◆ Instructions to follow
Look through the listing below, find every line with the string "undefined", and copy it.

◆ Given records
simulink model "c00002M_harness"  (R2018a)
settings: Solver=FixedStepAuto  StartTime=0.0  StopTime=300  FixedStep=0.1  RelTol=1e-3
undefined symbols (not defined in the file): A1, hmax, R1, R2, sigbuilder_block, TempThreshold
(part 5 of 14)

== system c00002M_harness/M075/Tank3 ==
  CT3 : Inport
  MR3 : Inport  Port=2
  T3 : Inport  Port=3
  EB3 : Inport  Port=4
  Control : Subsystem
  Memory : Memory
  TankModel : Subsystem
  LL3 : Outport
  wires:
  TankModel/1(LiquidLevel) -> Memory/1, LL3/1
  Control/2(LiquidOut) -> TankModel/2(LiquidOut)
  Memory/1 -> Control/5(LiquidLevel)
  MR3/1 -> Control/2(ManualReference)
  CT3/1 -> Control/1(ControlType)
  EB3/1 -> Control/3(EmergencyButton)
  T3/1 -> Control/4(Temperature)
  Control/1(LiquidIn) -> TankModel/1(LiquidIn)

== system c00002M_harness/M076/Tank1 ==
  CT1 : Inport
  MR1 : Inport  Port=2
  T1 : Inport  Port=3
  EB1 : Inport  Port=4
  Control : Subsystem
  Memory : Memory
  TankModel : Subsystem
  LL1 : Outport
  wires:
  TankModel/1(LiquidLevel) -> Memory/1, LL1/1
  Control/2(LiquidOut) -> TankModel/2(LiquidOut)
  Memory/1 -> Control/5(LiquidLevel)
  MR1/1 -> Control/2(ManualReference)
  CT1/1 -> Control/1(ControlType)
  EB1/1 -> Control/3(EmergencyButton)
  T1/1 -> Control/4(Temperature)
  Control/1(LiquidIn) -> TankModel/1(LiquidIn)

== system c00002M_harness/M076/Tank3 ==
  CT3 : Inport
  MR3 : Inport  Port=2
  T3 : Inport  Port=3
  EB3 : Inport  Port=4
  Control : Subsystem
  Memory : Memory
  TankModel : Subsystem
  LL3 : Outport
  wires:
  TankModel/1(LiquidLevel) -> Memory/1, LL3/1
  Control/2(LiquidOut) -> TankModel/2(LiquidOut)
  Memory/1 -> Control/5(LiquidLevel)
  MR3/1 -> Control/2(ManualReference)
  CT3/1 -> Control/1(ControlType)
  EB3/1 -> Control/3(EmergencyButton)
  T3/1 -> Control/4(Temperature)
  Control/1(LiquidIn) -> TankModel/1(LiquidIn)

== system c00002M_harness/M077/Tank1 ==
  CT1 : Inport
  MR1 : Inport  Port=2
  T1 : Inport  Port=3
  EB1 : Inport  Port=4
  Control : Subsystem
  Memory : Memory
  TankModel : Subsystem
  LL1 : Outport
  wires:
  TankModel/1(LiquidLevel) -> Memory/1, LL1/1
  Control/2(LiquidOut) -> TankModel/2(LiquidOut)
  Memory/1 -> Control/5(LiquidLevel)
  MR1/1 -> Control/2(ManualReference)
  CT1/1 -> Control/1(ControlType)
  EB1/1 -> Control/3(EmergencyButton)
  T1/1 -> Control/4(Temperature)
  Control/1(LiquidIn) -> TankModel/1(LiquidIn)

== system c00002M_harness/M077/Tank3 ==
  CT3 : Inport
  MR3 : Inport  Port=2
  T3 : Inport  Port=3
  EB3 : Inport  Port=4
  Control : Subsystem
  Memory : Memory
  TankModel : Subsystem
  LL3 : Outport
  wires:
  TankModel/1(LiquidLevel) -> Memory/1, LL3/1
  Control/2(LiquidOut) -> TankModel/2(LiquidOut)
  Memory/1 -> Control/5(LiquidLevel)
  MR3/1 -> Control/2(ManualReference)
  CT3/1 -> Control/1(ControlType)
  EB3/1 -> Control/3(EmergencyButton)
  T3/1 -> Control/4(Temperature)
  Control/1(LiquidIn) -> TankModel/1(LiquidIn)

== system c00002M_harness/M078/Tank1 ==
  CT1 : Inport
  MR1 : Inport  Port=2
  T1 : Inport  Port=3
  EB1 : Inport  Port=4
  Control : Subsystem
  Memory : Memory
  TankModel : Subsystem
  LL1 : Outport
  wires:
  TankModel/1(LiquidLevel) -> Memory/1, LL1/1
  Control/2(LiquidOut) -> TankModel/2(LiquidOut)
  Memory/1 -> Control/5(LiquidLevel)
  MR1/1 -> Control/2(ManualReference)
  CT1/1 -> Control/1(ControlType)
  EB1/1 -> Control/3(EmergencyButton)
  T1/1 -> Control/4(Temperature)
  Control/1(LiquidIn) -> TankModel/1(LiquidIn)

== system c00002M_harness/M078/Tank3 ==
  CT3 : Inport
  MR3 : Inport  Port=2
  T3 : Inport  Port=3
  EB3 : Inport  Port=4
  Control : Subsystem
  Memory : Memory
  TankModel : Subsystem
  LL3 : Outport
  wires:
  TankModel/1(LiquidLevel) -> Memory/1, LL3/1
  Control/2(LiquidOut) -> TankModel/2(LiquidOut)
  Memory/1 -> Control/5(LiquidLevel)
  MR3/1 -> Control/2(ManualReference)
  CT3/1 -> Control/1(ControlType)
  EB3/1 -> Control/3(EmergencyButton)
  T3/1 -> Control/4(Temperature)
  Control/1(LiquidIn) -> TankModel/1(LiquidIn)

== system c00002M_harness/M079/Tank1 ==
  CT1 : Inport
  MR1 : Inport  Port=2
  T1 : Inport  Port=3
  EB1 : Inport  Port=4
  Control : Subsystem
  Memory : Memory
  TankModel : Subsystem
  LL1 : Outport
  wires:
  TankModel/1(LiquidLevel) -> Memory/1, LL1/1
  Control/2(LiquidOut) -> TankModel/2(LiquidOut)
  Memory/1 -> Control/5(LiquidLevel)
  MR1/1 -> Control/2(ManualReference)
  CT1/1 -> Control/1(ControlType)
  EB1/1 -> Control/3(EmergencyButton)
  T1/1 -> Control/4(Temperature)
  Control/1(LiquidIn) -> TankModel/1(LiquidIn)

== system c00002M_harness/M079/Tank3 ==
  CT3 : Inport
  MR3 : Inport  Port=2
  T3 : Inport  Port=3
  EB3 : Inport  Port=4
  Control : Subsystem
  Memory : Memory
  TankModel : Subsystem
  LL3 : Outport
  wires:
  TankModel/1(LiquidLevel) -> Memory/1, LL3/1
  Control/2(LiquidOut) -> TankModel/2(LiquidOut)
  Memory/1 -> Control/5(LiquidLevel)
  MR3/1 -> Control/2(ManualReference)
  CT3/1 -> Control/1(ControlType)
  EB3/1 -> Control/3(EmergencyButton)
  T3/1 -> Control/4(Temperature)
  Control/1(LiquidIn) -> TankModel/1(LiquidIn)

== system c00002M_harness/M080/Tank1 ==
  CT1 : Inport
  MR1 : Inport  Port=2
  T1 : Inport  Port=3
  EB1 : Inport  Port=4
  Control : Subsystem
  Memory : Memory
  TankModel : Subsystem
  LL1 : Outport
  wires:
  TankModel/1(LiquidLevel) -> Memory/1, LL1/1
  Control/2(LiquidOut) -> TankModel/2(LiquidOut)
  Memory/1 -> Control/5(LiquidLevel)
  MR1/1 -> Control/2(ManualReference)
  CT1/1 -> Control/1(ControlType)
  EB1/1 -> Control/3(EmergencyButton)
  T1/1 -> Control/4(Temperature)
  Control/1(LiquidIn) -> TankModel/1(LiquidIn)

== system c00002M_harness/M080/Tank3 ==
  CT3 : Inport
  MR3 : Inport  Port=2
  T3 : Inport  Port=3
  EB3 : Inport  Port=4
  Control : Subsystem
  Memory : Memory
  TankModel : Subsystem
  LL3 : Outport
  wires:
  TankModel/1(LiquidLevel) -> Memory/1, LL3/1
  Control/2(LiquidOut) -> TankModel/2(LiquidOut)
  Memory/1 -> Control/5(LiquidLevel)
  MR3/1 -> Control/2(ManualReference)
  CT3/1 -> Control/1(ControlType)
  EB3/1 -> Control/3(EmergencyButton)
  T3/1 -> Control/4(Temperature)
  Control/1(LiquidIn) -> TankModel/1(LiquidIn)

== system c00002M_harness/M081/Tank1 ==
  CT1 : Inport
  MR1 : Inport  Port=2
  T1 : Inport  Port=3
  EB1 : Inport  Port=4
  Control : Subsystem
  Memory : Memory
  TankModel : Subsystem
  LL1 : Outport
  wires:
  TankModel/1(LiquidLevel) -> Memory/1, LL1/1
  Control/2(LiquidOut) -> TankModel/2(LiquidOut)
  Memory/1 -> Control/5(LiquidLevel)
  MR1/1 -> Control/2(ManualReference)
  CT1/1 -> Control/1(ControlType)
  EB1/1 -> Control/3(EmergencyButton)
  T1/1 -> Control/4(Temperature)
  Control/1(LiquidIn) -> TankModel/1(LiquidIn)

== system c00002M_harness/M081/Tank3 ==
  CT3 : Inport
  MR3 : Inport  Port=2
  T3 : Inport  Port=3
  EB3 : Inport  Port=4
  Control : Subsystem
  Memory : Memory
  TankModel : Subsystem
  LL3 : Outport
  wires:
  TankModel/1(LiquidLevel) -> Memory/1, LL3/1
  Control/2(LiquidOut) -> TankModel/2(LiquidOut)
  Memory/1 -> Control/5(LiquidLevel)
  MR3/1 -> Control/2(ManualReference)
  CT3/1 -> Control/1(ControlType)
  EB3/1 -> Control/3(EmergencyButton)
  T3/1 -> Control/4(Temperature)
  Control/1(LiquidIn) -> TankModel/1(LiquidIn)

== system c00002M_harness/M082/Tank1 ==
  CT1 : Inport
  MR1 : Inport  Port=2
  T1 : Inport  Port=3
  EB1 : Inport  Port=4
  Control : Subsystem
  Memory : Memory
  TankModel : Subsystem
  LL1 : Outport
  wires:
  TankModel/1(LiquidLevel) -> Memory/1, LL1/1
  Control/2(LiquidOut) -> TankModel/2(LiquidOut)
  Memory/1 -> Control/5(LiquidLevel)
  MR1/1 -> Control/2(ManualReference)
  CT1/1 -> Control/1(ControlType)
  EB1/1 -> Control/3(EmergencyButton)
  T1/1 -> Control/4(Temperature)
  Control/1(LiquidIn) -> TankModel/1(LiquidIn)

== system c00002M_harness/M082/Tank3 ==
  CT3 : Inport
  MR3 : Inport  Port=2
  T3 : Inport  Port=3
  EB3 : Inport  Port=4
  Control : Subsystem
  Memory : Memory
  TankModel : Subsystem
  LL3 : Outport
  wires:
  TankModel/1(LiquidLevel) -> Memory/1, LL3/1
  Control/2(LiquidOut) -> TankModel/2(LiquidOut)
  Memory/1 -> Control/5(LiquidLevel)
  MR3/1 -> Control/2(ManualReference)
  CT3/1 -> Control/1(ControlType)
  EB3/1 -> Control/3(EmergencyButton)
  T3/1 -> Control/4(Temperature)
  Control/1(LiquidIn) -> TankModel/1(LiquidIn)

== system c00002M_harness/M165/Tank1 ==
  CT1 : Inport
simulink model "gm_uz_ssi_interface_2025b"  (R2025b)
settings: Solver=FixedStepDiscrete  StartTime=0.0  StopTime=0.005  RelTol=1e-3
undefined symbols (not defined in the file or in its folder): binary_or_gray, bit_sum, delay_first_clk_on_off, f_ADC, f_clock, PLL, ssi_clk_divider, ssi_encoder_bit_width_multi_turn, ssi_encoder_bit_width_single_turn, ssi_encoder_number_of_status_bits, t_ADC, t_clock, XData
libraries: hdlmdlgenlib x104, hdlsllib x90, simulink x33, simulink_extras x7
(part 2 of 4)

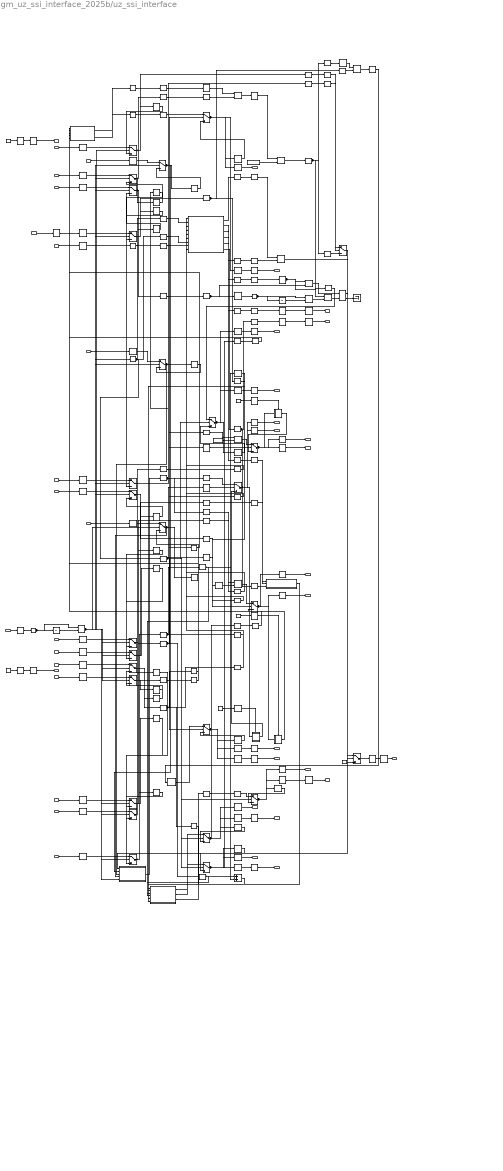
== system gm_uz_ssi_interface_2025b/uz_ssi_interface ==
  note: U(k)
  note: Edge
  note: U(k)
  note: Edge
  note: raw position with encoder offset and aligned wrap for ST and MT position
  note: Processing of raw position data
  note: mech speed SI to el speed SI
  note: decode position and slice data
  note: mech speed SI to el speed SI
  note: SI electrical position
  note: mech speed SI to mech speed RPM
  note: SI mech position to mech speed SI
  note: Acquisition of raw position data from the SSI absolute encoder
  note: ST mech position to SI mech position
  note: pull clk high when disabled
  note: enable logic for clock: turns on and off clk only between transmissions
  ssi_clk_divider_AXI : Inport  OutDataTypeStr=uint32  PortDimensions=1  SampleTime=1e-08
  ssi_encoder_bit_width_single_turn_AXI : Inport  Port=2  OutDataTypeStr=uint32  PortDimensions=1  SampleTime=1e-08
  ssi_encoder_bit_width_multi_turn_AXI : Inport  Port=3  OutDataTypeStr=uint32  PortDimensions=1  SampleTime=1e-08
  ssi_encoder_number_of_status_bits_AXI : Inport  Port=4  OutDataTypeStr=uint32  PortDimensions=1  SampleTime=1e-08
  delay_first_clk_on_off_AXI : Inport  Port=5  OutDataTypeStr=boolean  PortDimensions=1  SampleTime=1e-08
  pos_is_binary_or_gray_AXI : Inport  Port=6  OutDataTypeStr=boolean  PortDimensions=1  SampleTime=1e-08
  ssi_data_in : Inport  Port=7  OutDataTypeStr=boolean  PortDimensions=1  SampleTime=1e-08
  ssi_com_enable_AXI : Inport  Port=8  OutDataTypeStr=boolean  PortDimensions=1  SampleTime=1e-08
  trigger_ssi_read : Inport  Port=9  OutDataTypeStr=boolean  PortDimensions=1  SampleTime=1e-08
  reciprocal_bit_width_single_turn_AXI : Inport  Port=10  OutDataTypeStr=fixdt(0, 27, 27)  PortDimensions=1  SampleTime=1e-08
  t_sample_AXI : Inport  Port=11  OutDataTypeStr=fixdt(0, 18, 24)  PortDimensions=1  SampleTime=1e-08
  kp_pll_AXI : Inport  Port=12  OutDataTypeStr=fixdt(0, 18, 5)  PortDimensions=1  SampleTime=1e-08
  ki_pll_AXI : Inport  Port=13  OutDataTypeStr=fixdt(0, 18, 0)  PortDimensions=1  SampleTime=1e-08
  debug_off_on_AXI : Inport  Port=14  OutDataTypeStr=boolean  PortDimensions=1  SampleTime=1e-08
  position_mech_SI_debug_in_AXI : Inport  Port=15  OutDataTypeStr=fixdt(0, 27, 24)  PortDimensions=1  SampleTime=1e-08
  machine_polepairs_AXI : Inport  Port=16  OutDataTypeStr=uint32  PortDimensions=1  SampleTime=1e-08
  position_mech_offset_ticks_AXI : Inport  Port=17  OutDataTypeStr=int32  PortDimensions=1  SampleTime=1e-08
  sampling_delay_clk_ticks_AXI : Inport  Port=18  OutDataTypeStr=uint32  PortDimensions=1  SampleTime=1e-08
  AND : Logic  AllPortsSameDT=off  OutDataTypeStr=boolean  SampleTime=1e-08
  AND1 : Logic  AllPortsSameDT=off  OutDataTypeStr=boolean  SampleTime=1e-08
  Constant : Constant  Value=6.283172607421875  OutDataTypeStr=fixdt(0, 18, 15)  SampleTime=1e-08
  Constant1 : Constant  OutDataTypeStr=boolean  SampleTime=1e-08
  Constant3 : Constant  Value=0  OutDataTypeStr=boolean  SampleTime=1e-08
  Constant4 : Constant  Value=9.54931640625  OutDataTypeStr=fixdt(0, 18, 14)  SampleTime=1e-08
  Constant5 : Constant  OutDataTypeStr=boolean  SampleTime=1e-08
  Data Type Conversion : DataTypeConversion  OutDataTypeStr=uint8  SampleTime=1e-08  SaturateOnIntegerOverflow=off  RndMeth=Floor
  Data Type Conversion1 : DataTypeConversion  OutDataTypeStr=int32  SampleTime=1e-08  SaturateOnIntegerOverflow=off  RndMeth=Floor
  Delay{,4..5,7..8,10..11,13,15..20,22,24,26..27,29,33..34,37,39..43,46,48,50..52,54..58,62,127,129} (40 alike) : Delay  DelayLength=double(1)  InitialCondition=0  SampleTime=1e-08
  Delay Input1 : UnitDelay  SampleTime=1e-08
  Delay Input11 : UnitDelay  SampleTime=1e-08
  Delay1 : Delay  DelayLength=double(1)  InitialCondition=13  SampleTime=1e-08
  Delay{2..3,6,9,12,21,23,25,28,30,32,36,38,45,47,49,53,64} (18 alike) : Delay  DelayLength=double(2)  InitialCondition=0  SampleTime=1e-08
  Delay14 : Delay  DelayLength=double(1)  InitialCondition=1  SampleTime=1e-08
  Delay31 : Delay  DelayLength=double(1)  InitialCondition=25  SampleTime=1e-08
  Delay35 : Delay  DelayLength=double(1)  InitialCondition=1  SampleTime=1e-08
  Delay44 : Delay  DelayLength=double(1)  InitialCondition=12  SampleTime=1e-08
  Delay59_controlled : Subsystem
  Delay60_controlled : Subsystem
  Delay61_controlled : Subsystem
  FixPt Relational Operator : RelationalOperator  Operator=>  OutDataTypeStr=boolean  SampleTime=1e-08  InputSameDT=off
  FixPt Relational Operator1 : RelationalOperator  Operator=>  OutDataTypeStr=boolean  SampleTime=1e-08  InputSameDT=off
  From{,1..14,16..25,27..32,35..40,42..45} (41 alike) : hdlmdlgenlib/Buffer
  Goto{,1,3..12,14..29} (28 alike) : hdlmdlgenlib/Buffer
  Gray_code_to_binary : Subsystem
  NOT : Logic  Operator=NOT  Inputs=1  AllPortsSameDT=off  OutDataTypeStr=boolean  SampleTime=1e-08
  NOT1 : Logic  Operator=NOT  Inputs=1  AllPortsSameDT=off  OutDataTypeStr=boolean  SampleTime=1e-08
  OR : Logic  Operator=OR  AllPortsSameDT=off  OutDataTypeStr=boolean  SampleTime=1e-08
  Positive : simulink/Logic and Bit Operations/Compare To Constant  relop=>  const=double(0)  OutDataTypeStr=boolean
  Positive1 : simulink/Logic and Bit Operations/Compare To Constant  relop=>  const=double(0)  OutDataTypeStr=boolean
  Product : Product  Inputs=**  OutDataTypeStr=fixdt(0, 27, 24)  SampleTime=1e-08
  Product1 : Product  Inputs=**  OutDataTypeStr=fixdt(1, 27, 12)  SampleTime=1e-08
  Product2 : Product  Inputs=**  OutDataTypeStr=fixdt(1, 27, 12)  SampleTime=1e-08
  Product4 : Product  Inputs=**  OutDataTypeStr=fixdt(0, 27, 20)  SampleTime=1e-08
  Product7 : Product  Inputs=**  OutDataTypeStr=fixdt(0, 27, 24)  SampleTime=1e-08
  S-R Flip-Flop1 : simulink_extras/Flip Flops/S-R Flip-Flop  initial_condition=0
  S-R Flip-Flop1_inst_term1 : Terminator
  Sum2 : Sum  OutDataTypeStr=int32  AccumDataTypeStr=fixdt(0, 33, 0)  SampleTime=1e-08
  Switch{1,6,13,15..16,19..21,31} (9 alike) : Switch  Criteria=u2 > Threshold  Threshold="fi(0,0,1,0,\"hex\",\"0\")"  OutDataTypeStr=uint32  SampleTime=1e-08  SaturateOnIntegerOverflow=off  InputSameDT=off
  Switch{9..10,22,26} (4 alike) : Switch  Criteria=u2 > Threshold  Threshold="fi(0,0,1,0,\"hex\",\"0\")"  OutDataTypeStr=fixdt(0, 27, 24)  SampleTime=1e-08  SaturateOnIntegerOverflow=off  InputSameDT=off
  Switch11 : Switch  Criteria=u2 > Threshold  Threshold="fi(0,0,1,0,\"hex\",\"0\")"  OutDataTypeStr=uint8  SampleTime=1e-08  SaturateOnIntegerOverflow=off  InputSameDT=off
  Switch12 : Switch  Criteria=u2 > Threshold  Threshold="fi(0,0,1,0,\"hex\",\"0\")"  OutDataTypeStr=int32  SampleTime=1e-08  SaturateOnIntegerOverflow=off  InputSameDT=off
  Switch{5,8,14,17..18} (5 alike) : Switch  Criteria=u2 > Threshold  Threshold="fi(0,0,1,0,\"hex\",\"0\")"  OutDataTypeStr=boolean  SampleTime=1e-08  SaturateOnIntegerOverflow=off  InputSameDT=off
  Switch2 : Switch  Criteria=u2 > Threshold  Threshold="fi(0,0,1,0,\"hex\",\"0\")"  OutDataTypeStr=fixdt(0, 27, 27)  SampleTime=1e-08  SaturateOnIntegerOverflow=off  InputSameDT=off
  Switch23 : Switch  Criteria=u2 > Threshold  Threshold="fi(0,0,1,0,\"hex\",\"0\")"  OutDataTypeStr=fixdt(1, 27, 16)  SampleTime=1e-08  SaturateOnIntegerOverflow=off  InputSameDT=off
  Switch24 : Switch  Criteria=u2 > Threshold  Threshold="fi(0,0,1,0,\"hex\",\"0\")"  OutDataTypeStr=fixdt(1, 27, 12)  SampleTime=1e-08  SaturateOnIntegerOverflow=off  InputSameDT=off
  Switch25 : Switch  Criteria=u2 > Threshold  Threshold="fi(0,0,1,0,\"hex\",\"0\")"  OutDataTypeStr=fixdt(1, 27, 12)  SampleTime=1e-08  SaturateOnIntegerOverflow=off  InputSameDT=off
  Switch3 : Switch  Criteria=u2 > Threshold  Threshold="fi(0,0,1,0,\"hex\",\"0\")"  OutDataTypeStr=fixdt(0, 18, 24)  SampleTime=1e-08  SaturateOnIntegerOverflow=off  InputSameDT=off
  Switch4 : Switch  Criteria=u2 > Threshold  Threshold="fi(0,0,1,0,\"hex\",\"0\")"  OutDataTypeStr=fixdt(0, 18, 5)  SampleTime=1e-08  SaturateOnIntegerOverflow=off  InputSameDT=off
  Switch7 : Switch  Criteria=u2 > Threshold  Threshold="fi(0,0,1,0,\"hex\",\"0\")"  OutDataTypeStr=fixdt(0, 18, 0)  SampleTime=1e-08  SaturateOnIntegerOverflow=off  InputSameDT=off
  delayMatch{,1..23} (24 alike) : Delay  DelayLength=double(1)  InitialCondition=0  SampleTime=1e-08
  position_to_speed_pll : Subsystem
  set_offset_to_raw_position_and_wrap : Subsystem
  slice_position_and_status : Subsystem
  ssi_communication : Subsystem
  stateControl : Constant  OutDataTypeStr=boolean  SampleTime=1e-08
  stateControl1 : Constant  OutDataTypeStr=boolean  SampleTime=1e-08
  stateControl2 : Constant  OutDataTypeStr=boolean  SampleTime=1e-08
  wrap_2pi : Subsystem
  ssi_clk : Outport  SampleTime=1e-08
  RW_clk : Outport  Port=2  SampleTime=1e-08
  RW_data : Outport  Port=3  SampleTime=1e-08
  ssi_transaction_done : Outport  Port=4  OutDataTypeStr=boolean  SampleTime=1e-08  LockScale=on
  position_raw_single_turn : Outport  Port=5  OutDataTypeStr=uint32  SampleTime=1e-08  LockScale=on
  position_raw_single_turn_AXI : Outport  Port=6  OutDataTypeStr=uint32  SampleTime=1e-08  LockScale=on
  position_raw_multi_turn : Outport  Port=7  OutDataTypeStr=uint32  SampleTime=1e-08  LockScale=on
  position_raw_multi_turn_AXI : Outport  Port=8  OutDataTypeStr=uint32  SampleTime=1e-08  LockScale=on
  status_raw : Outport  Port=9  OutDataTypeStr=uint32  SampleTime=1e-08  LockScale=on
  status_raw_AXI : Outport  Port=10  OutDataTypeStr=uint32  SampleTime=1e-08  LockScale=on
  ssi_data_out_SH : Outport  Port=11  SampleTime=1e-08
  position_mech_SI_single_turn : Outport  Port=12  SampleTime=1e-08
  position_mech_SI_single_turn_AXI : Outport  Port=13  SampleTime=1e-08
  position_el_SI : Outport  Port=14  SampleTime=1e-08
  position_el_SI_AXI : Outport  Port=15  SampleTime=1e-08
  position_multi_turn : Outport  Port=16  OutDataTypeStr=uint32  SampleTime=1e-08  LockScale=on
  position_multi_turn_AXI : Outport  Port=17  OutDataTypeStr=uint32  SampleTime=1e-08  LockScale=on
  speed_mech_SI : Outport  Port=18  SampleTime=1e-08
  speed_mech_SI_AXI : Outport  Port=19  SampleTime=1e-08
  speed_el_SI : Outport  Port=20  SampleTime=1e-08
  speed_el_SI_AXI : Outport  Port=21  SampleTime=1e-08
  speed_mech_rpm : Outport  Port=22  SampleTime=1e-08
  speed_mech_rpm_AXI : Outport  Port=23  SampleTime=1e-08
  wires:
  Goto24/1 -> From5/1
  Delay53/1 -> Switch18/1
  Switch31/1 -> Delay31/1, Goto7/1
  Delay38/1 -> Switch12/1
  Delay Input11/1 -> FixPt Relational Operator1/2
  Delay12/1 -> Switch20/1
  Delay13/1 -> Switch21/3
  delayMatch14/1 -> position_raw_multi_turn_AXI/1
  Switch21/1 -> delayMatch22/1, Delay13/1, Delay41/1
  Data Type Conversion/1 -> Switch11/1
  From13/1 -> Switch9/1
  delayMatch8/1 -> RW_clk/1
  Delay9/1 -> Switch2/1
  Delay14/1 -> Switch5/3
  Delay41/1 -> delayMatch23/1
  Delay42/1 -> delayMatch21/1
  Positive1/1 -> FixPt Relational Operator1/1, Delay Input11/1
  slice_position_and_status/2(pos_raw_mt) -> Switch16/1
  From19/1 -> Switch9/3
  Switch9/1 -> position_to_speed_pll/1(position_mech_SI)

◆ Task response
undefined symbols (not defined in the file): A1, hmax, R1, R2, sigbuilder_block, TempThreshold
undefined symbols (not defined in the file or in its folder): binary_or_gray, bit_sum, delay_first_clk_on_off, f_ADC, f_clock, PLL, ssi_clk_divider, ssi_encoder_bit_width_multi_turn, ssi_encoder_bit_width_single_turn, ssi_encoder_number_of_status_bits, t_ADC, t_clock, XData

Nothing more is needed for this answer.